Goldstein did not have the requisite expertise and qualifications to offer such testimony. After
conducting a voir dire hearing, the trial court found Dr. Goldstein was not an expert in medical
oncology and would not be allowed to testify as to what the course of treatment would have been
for Michelle and how she might have done had she received treatment sooner.
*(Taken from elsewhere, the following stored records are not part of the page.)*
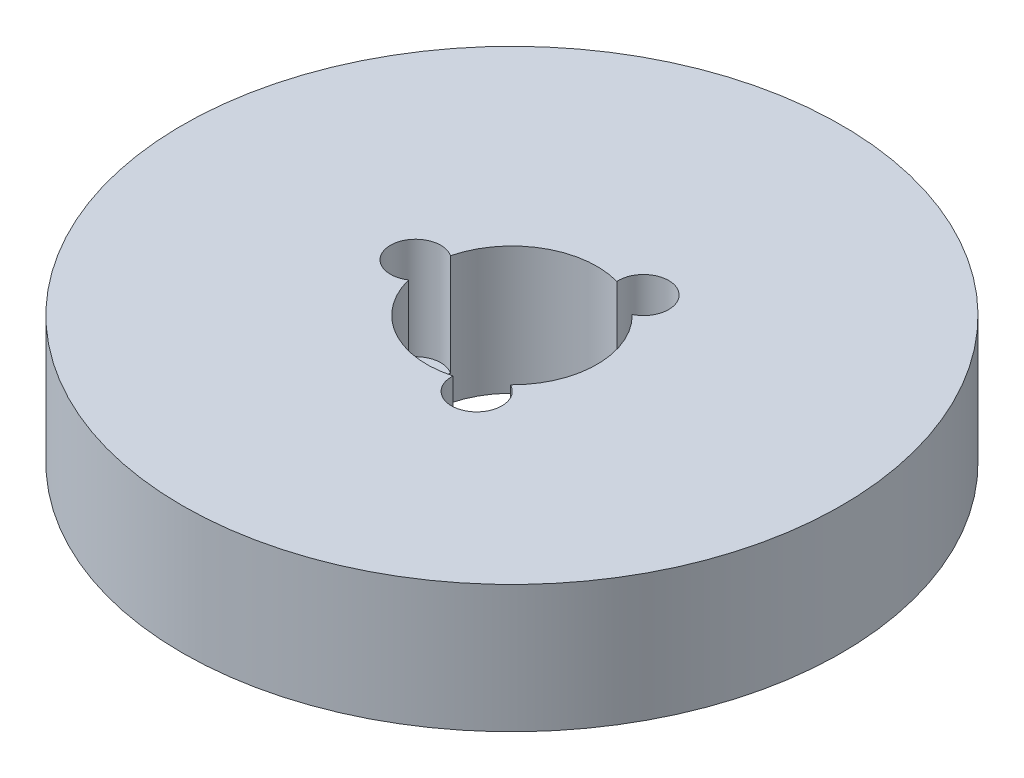
SolidWorks part; units mm, degrees
ref_plane "Front Plane" through (0, 0, 0) normal (0, 0, 1) x (1, 0, 0)
ref_plane "Top Plane" through (0, 0, 0) normal (0, 1, 0) x (1, 0, 0)
ref_plane "Right Plane" through (0, 0, 0) normal (1, 0, 0) x (0, 0, -1)
sketch "Sketch1" plane through (0, 0, 0) normal (0, 1, 0) x (1, 0, 0)
  circle A0 centre (0, 0) radius 77.5
  dimension "FLANGE_OD" = 155
extrude "Boss-Extrude1" add sketch "Sketch1" along normal blind 30
sketch "Sketch2" plane through (0, 0, 0) normal (0, 1, 0) x (1, 0, 0)
  circle A0 centre (0, 0) radius 20
  dimension "BORE_D" = 40
extrude "Cut-Extrude1" cut sketch "Sketch2" along normal through all
sketch "Sketch3" plane through (0, 30, 0) normal (0, 1, 0) x (1, 0, 0)
  circle A0 centre (0, 0) radius 22.6536 construction
  circle A1 centre (-22.6536, 0) radius 5.9214
  dimension "BOLT_D" = 11.8428
  dimension "BOLT_PCD" = 45.3072
extrude "Cut-Extrude2" cut sketch "Sketch3" against normal blind 23.925
pattern_circular "CirPattern1" count 3 over 360 about axis through (0, 0, 0) along (0, 1, 0) of "Cut-Extrude2"
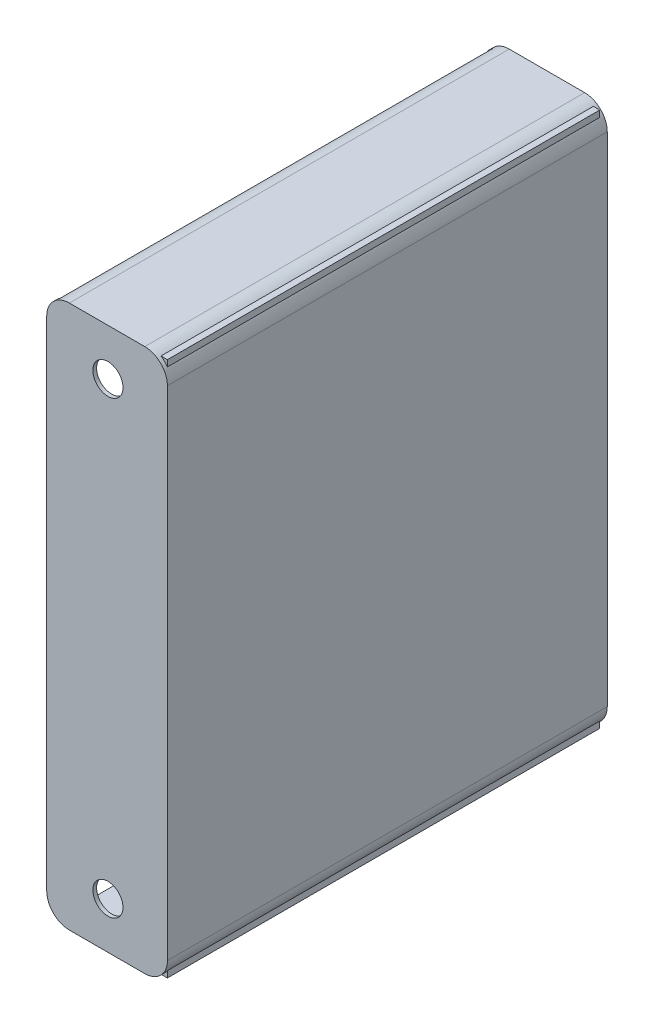
SolidWorks part; units mm, degrees
material "Hexcel AS4C (3000 Filaments)"
ref_plane "Front Plane" through (0, 0, 0) normal (0, 0, 1) x (1, 0, 0)
ref_plane "Top Plane" through (0, 0, 0) normal (0, 1, 0) x (1, 0, 0)
ref_plane "Right Plane" through (0, 0, 0) normal (1, 0, 0) x (0, 0, -1)
sketch "Sketch1" plane through (0, 0, 0) normal (1, 0, 0) x (0, 0, -1)
  line L1 (370.332, -457.2) -> (-370.332, -457.2)
  line L2 (370.332, -457.2) -> (370.332, 457.2)
  line L3 (370.332, 457.2) -> (-370.332, 457.2)
  line L4 (-370.332, -457.2) -> (-370.332, 457.2)
  line L5 (370.332, -457.2) -> (-370.332, 457.2) construction
  line L6 (370.332, 457.2) -> (-370.332, -457.2) construction
  point P0 (0, 0)
  dimension "D1" = 740.664
  dimension "D2" = 914.4
extrude "Boss-Extrude1" add sketch "Sketch1" along normal blind 203.2
shell "Shell1" thickness 6.35 removed face at (0, 0, 0)
sketch "Sketch4" plane through (0, 0, 370.332) normal (0, 0, 1) x (1, 0, 0)
  circle A0 centre (103.0428, 378.9942) radius 25.4
  dimension "D1" = 50.8
  dimension "D2" = 378.9942
  dimension "D3" = 103.0428
extrude "Cut-Extrude1" cut sketch "Sketch4" against normal blind 853.694
mirror "Mirror1" about plane through (0, 0, 0) normal (0, 1, 0) of "Cut-Extrude1"
fillet "Fillet1" radius 38.1 4 edges at (203.2, -457.2, 0) (0, -457.2, 0) (203.2, 457.2, 0) (0, 457.2, 0)
scale "Scale1" scale about centroid uniform scaling yes scale factor 0.5867
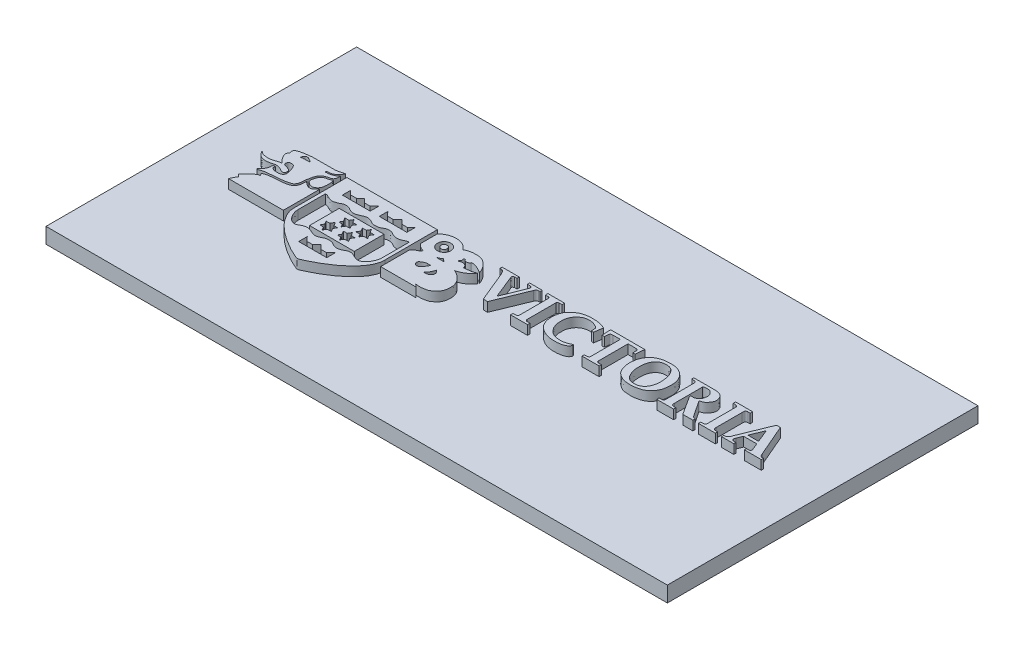
SolidWorks part; units mm, degrees
ref_plane "Front Plane" through (0, 0, 0) normal (0, 0, 1) x (1, 0, 0)
ref_plane "Top Plane" through (0, 0, 0) normal (0, 1, 0) x (1, 0, 0)
ref_plane "Right Plane" through (0, 0, 0) normal (1, 0, 0) x (0, 0, -1)
sketch "Sketch1" plane through (0, 0, 0) normal (0, 1, 0) x (1, 0, 0)
  line L1 (-100, 50) -> (100, 50)
  line L2 (-100, 50) -> (-100, -50)
  line L3 (-100, -50) -> (100, -50)
  line L4 (100, 50) -> (100, -50)
  dimension "D1" = 100
  dimension "D2" = 200
  dimension "D3" = 50
  dimension "D4" = 100
extrude "Boss-Extrude1" add sketch "Sketch1" along normal blind 5
sketch "Sketch3" plane through (0, 5, 0) normal (0, 1, 0) x (1, 0, 0)
  line L0 (337.3172, 310.4568) -> (1593.3172, 310.4568) construction
  line L2 (214, 281.56) -> (1470, 281.56) construction
sketch "Sketch4" plane through (0, 5, 0) normal (0, 1, 0) x (1, 0, 0)
sketch "Sketch5" plane through (0, 5, 0) normal (0, 1, 0) x (1, 0, 0)
  line L0 (-63.2832, 1.3739) -> (-63.2832, -10.3111)
  line L1 (-63.2832, -10.3111) -> (-80.9037, -10.3111)
  line L2 (-62.2093, 9.0496) -> (-33.087, 9.0496)
  line L3 (-33.087, 9.0496) -> (-33.087, -7.8265)
  line L4 (-62.2093, 9.0496) -> (-62.2093, -7.8265)
  line L5 (-52.1107, -16.5513) -> (-52.1107, -13.7896)
  line L6 (-52.1107, -13.7896) -> (-50.8663, -15.1704)
  line L7 (-50.8663, -15.1704) -> (-49.0633, -15.1704)
  line L8 (-49.0633, -15.1704) -> (-47.6668, -13.7739)
  line L9 (-47.6668, -13.7739) -> (-46.2702, -15.1704)
  line L10 (-46.2702, -15.1704) -> (-44.4842, -15.1704)
  line L11 (-44.4842, -15.1704) -> (-43.0876, -13.7739)
  line L12 (-43.0876, -13.7739) -> (-43.0876, -16.5513)
  line L13 (-43.0876, -16.5513) -> (-52.1107, -16.5513)
  line L14 (-51.5411, -5.2897) -> (-52.1934, -6.4621)
  line L15 (-53.3409, -8.5244) -> (-52.1596, -8.5244)
  line L16 (-49.6492, -8.5244) -> (-50.261, -7.4783)
  line L17 (-53.3409, -6.4621) -> (-52.1934, -6.4621)
  line L18 (-49.6492, -6.4621) -> (-50.261, -7.4783)
  line L19 (-51.5411, -9.6043) -> (-52.1596, -8.5244)
  line L20 (-50.8554, -6.4621) -> (-49.6492, -6.4621)
  line L21 (-52.7588, -7.4783) -> (-53.3409, -8.5244)
  line L22 (-52.7588, -7.4783) -> (-53.3409, -6.4621)
  line L23 (-50.8909, -8.5244) -> (-49.6492, -8.5244)
  line L24 (-50.8554, -6.4621) -> (-51.5411, -5.2897)
  line L25 (-50.8909, -8.5244) -> (-51.5411, -9.6043)
  line L26 (-47.8046, -6.4621) -> (-46.5759, -6.4621)
  line L27 (-44.1019, -6.4621) -> (-44.7111, -7.482)
  line L28 (-45.9533, -9.5616) -> (-46.5727, -8.5244)
  line L29 (-45.9533, -5.3563) -> (-46.5759, -6.4621)
  line L30 (-47.7371, -8.5244) -> (-46.5727, -8.5244)
  line L31 (-44.1019, -8.5244) -> (-44.7111, -7.482)
  line L32 (-45.307, -6.4621) -> (-44.1019, -6.4621)
  line L33 (-47.1721, -7.521) -> (-47.7371, -8.5244)
  line L34 (-47.1721, -7.521) -> (-47.8046, -6.4621)
  line L35 (-45.3338, -8.5244) -> (-44.1019, -8.5244)
  line L36 (-45.3338, -8.5244) -> (-45.9533, -9.5616)
  line L37 (-45.307, -6.4621) -> (-45.9533, -5.3563)
  line L38 (-49.3065, -1.5215) -> (-49.8917, -2.5463)
  line L39 (-51.0871, -4.64) -> (-49.9803, -4.64)
  line L40 (-47.4661, -4.64) -> (-48.0944, -3.5753)
  line L41 (-51.2589, -2.5463) -> (-49.8917, -2.5463)
  line L42 (-47.4661, -2.5463) -> (-48.0944, -3.5753)
  line L43 (-49.3625, -5.6517) -> (-49.9803, -4.64)
  line L44 (-48.7017, -2.5463) -> (-47.4661, -2.5463)
  line L45 (-50.5523, -3.7034) -> (-51.0871, -4.64)
  line L46 (-50.5523, -3.7034) -> (-51.2589, -2.5463)
  line L47 (-48.7446, -4.64) -> (-47.4661, -4.64)
  line L48 (-48.7446, -4.64) -> (-49.3625, -5.6517)
  line L49 (-48.7017, -2.5463) -> (-49.3065, -1.5215)
  line L50 (-45.6097, -4.64) -> (-44.975, -3.5824)
  line L51 (-43.7381, -1.5215) -> (-43.1103, -2.5463)
  line L52 (-41.8277, -4.64) -> (-43.1226, -4.64)
  line L53 (-45.6097, -2.5463) -> (-44.975, -3.5824)
  line L54 (-43.7187, -5.6332) -> (-43.1226, -4.64)
  line L55 (-41.866, -2.5463) -> (-43.1103, -2.5463)
  line L56 (-44.3272, -4.64) -> (-43.7187, -5.6332)
  line L57 (-44.3531, -2.5463) -> (-43.7381, -1.5215)
  line L58 (-44.3531, -2.5463) -> (-45.6097, -2.5463)
  line L59 (-42.4818, -3.5723) -> (-41.8277, -4.64)
  line L60 (-42.4818, -3.5723) -> (-41.866, -2.5463)
  line L61 (-44.3272, -4.64) -> (-45.6097, -4.64)
  line L62 (-34.1334, 1.0615) -> (-34.1334, -7.8265)
  line L63 (-54.827, -0.8011) -> (-40.4157, -0.8011)
  line L64 (-54.827, -0.8011) -> (-54.827, -10.3593)
  line L65 (-54.827, -10.3593) -> (-40.4157, -10.3593)
  line L66 (-40.4157, -0.8011) -> (-40.4157, -10.3593)
  line L67 (-61.1063, 1.0449) -> (-61.1063, -7.8265)
  line L68 (-58.0074, 3.4152) -> (-49.0633, 3.4152)
  line L69 (-49.0633, 3.4152) -> (-49.0633, 6.1619)
  line L70 (-49.0633, 6.1619) -> (-50.4367, 4.7885)
  line L71 (-50.4367, 4.7885) -> (-52.1934, 4.7885)
  line L72 (-52.1934, 4.7885) -> (-53.5353, 6.1305)
  line L73 (-53.5353, 6.1305) -> (-54.8773, 4.7885)
  line L74 (-54.8773, 4.7885) -> (-56.7252, 4.7885)
  line L75 (-56.7252, 4.7885) -> (-58.0074, 6.0706)
  line L76 (-58.0074, 6.0706) -> (-58.0074, 3.4152)
  line L77 (-46.1397, 6.1619) -> (-46.1397, 3.4152)
  line L78 (-46.1397, 3.4152) -> (-37.2605, 3.4152)
  line L79 (-37.2605, 3.4152) -> (-37.2605, 6.1619)
  line L80 (-37.2605, 6.1619) -> (-38.5572, 4.8651)
  line L81 (-38.5572, 4.8651) -> (-40.3517, 4.8651)
  line L82 (-40.3517, 4.8651) -> (-41.7001, 6.2135)
  line L83 (-41.7001, 6.2135) -> (-43.1103, 4.8033)
  line L84 (-43.1103, 4.8033) -> (-44.8724, 4.8033)
  line L85 (-44.8724, 4.8033) -> (-46.1397, 6.1619)
  line L86 (-31.9218, 7.7833) -> (-31.9218, 2.5651)
  line L87 (-31.9218, -10.3593) -> (-20.5485, -10.3593)
  line L88 (-31.9218, -0.9593) -> (-31.9218, -10.3593)
  line L89 (-25.5083, 1.1635) -> (-22.9705, 1.1635)
  line L90 (-25.2779, -1.9652) -> (-24.1564, -1.9652)
  line L91 (-12.2253, 9.0496) -> (-6.6902, 9.0496)
  line L92 (0.6832, 9.0496) -> (0.6832, 8.3375)
  line L93 (0.6832, 8.3375) -> (0.1855, 8.3375)
  line L94 (-12.2253, 8.3375) -> (-12.2253, 9.0496)
  line L95 (-6.6902, 9.0496) -> (-6.6902, 8.3375)
  line L96 (-3.3772, 9.0496) -> (-3.3772, 8.3375)
  line L97 (-3.3772, 9.0496) -> (0.6832, 9.0496)
  line L98 (-6.6902, 8.3375) -> (-7.4716, 8.3375)
  line L99 (-6.3278, -2.896) -> (-4.9619, -2.896)
  line L100 (-4.9619, -2.896) -> (-0.6788, 7.5455)
  line L101 (-6.3278, -2.896) -> (-10.4507, 7.0158)
  line L102 (-4.9331, 0.0557) -> (-2.014, 7.3165)
  line L103 (-4.9331, 0.0557) -> (-7.8598, 7.3165)
  line L104 (-11.6908, 8.3375) -> (-12.2253, 8.3375)
  line L105 (-2.3592, 8.3375) -> (-3.3772, 8.3375)
  line L106 (6.9917, -2.1108) -> (7.904, -2.1108)
  line L107 (6.8779, 8.242) -> (7.904, 8.242)
  line L108 (3.9499, -1.5215) -> (3.9499, 7.7833)
  line L109 (21.0472, 8.3851) -> (20.6035, 5.5732)
  line L110 (6.3721, -1.5215) -> (6.3721, 7.7833)
  line L111 (2.428, -2.896) -> (7.904, -2.896)
  line L112 (2.428, -2.896) -> (2.428, -2.1108)
  line L113 (2.428, -2.1108) -> (3.3607, -2.1108)
  line L114 (7.904, -2.896) -> (7.904, -2.1108)
  line L115 (2.5079, 9.0496) -> (7.904, 9.0496)
  line L116 (2.5079, 9.0496) -> (2.5079, 8.242)
  line L117 (2.5079, 8.242) -> (3.53, 8.242)
  line L118 (7.904, 9.0496) -> (7.904, 8.242)
  line L119 (20.6035, 5.5732) -> (19.925, 5.6803)
  line L120 (19.925, 5.6803) -> (19.8426, 7.0158)
  line L121 (26.9382, 7.9312) -> (24.5244, 7.9312)
  line L122 (25.4187, -2.896) -> (30.9293, -2.896)
  line L123 (25.4187, -2.896) -> (25.4187, -2.1826)
  line L124 (25.4187, -2.1826) -> (25.9053, -2.1826)
  line L125 (30.9293, -2.896) -> (30.9293, -2.1826)
  line L126 (49.4918, 9.0496) -> (49.4918, 8.3851)
  line L127 (29.4217, -1.5215) -> (29.4217, 7.9312)
  line L128 (29.9849, -2.1826) -> (30.9293, -2.1826)
  line L129 (26.9382, -1.5215) -> (26.9382, 7.9312)
  line L130 (29.4217, 7.9312) -> (31.9328, 7.9312)
  line L131 (22.6804, 9.0496) -> (33.7049, 9.0496)
  line L132 (22.6804, 9.0496) -> (22.8673, 6.1619)
  line L133 (22.8673, 6.1619) -> (23.6161, 6.1619)
  line L134 (33.7049, 9.0496) -> (33.4622, 6.1619)
  line L135 (33.4622, 6.1619) -> (32.7405, 6.1619)
  line L136 (49.4918, 9.0496) -> (56.4225, 9.0496)
  line L137 (53.4504, 7.8779) -> (53.4504, -1.1515)
  line L138 (51.0008, -1.2249) -> (51.0008, 7.1755)
  line L139 (57.8954, -2.92) -> (61.1428, -2.92)
  line L140 (49.5337, -2.92) -> (54.9326, -2.92)
  line L141 (49.5337, -2.92) -> (49.5337, -2.1826)
  line L142 (49.5337, -2.1826) -> (50.0195, -2.1826)
  line L143 (54.9326, -2.92) -> (54.9326, -2.1826)
  line L144 (61.1428, -2.92) -> (61.1428, -2.1826)
  line L145 (57.8954, -2.92) -> (54.1811, 2.8405)
  line L146 (57.0409, 2.9956) -> (60.0891, -1.5871)
  line L147 (54.1849, -2.1826) -> (54.9326, -2.1826)
  line L148 (67.6475, 8.2653) -> (68.3886, 8.2653)
  line L149 (62.9361, -2.92) -> (68.3886, -2.92)
  line L150 (62.9361, -2.92) -> (62.9361, -2.1826)
  line L151 (62.9361, -2.1826) -> (63.8006, -2.1826)
  line L152 (68.3886, -2.92) -> (68.3886, -2.1826)
  line L153 (62.9361, 9.0496) -> (68.3886, 9.0496)
  line L154 (62.9361, 9.0496) -> (62.9361, 8.2653)
  line L155 (62.9361, 8.2653) -> (63.6999, 8.2653)
  line L156 (68.3886, 9.0496) -> (68.3886, 8.2653)
  line L157 (67.3329, -2.1826) -> (68.3886, -2.1826)
  line L158 (64.4296, 7.1428) -> (64.4296, -1.2249)
  line L159 (75.871, 5.9878) -> (74.1921, 1.7526)
  line L160 (66.9175, 7.1428) -> (66.9175, -1.2249)
  line L161 (75.871, 5.9878) -> (77.6217, 1.7526)
  line L162 (74.1921, 1.7526) -> (77.6217, 1.7526)
  line L163 (73.8015, 0.7672) -> (78.0291, 0.7672)
  line L164 (77.7139, -2.896) -> (83.1232, -2.896)
  line L165 (77.7139, -2.896) -> (77.7139, -2.2065)
  line L166 (77.7139, -2.2065) -> (78.5421, -2.2065)
  line L167 (83.1232, -2.896) -> (83.1232, -2.2065)
  line L168 (74.2826, -2.896) -> (70.355, -2.896)
  line L169 (74.2826, -2.896) -> (74.2826, -2.2065)
  line L170 (74.2826, -2.2065) -> (73.4593, -2.2065)
  line L171 (70.355, -2.896) -> (70.355, -2.2065)
  line L172 (73.8015, 0.7672) -> (73.1172, -0.9593)
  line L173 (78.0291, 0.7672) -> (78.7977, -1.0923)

Dr. Goldstein then testified that he is board certified in obstetrics and gynecology and
specializes in gynecologic oncology at Brigham and Woman’s Hospital, where he primarily does
surgery. He also works for the Dana-Farber Cancer Institute in Boston, where he does outpatient
care. A large part of his testimony was about the FIGO staging system for cancer patients. He
testified that all patients in a particular stage would be considered the same type, mostly for
academic purposes, so if they were treated they should have similar outcomes. Dr. Goldstein
described the following stages, in relevant part, as they relate to ovarian cancer patients: stage I
would be a tumor localized to the ovaries; stage IA would be localized to one ovary; stage IB
would involve both ovaries; stage IC would be one or both ovaries involved with some evidence of
tumor cells in the abdominal cavity; and stage IV would be if there was evidence of the disease
outside the abdominal cavity. When a pathologist concludes that a tumor is malignant, staging
should be done which, depending upon the circumstances, entails washings, removing any tumors
that appear on any structure, removing the omentum, taking scrapings, and sampling lymph nodes.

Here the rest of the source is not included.